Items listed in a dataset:
☆ ☆ ☆ ☆ ☆

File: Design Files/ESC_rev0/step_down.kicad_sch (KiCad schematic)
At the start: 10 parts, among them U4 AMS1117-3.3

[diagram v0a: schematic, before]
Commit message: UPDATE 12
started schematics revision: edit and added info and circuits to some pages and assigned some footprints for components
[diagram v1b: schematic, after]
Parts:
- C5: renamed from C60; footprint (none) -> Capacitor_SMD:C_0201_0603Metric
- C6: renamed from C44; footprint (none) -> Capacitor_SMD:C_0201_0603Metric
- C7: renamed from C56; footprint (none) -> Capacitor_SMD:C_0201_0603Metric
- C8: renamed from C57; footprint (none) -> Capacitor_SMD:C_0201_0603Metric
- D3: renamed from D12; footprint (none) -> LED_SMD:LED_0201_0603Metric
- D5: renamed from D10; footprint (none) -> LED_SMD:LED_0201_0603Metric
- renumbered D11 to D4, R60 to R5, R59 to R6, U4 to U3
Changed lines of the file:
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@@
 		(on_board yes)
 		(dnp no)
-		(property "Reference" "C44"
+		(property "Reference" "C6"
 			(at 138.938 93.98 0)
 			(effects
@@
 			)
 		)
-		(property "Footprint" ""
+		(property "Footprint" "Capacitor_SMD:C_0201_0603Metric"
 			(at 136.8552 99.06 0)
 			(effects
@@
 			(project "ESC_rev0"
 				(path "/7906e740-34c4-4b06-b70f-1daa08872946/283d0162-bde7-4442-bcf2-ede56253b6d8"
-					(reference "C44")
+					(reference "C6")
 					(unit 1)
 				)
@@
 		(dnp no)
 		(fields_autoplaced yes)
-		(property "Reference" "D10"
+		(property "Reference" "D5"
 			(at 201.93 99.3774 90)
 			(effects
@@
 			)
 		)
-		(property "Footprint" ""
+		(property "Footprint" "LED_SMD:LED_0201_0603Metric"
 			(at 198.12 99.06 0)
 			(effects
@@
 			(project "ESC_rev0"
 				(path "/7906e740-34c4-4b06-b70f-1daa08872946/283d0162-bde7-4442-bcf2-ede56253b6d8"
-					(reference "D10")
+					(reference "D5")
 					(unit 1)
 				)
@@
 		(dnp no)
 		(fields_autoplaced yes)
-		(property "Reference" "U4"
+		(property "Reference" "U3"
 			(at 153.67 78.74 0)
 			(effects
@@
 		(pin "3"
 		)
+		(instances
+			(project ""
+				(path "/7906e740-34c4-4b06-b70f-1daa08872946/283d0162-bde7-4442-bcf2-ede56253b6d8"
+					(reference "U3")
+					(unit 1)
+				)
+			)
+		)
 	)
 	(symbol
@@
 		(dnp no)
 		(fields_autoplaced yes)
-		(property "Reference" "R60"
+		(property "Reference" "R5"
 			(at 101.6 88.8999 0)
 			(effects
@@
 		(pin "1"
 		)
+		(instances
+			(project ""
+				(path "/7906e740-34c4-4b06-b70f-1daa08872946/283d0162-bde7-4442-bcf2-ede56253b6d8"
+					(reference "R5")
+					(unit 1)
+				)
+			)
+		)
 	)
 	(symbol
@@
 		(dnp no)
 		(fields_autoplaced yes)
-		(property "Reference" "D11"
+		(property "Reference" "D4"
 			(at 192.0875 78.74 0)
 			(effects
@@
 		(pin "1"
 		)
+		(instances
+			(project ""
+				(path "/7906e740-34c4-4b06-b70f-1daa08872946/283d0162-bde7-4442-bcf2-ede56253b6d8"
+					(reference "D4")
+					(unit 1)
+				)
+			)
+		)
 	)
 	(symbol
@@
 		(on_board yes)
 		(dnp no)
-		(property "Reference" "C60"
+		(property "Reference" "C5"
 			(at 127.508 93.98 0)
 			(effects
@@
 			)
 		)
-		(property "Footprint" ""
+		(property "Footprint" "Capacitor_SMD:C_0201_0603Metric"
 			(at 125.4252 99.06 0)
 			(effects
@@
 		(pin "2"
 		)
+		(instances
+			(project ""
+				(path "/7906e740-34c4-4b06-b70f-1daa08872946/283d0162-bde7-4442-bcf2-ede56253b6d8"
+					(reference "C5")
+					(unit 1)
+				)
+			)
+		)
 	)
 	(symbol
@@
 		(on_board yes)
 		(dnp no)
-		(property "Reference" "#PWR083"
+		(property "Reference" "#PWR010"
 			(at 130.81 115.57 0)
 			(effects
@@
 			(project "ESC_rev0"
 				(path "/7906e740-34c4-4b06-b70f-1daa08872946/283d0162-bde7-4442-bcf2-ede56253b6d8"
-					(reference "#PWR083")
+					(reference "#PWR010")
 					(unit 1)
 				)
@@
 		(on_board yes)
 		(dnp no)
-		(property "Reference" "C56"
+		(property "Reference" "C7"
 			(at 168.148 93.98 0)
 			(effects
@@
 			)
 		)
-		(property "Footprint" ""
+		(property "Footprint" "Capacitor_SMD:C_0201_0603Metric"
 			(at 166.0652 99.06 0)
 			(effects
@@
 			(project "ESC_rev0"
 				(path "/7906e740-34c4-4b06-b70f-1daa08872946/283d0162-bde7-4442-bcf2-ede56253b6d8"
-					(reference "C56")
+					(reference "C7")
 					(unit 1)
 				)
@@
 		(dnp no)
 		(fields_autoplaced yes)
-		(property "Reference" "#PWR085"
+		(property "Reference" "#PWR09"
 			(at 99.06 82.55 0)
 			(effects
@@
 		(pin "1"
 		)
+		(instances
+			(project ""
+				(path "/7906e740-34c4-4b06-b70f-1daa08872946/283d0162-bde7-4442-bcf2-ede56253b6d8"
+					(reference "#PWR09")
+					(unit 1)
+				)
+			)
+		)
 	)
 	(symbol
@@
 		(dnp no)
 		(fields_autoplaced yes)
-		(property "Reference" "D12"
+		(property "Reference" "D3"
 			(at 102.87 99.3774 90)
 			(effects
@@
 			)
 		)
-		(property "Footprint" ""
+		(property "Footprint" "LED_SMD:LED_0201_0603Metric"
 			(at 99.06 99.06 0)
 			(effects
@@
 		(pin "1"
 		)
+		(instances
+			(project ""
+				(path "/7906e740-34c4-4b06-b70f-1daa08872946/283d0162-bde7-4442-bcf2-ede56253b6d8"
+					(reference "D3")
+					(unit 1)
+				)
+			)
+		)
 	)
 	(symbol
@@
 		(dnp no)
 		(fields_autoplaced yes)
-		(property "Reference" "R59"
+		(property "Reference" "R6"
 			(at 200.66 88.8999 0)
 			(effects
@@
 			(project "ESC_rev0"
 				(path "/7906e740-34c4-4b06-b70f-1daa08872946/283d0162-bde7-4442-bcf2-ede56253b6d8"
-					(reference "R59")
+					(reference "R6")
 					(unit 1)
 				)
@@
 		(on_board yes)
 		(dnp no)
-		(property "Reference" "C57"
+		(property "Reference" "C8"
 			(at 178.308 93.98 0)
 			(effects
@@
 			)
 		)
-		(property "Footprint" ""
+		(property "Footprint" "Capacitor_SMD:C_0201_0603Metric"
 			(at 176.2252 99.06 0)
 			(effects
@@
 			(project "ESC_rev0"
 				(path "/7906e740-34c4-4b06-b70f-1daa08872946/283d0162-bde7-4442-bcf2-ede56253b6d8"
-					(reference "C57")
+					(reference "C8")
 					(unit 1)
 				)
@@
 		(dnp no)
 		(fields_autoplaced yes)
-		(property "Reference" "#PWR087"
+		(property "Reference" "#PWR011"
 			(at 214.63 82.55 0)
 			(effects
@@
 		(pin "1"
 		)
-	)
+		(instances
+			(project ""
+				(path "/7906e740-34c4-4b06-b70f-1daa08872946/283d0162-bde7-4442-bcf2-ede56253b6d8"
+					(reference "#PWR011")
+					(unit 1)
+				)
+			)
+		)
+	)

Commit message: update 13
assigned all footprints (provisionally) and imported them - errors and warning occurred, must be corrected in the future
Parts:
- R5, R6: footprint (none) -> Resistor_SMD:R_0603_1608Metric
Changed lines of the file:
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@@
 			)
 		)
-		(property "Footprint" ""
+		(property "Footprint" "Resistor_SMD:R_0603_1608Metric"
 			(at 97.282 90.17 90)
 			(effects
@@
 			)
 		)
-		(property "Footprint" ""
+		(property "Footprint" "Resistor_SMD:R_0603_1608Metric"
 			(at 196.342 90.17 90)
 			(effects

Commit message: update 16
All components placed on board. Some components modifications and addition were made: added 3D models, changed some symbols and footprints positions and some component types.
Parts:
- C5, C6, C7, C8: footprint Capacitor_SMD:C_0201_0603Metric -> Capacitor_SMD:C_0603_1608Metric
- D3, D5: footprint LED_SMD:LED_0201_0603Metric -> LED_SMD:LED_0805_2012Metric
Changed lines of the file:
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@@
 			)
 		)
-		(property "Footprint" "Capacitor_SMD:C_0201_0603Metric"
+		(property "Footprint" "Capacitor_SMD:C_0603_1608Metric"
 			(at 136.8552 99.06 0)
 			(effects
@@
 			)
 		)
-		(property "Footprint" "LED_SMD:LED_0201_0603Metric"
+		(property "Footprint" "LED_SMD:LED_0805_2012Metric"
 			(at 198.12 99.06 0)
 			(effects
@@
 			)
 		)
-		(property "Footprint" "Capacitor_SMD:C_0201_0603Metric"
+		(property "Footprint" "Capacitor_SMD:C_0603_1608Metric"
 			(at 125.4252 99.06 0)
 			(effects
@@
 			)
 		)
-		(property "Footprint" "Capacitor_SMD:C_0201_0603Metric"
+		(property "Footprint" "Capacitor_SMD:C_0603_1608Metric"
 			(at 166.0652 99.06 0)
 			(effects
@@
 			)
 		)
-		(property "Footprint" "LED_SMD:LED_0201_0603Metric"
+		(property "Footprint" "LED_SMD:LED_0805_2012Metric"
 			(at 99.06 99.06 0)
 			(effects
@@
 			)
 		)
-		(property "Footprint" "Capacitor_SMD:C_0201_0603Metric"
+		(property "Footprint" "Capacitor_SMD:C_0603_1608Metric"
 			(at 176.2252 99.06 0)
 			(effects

☆ ☆ ☆ ☆ ☆

Required action: In the entries above, identify each line that includes the string "assigned", then copy it.

Written response:
started schematics revision: edit and added info and circuits to some pages and assigned some footprints for components
assigned all footprints (provisionally) and imported them - errors and warning occurred, must be corrected in the future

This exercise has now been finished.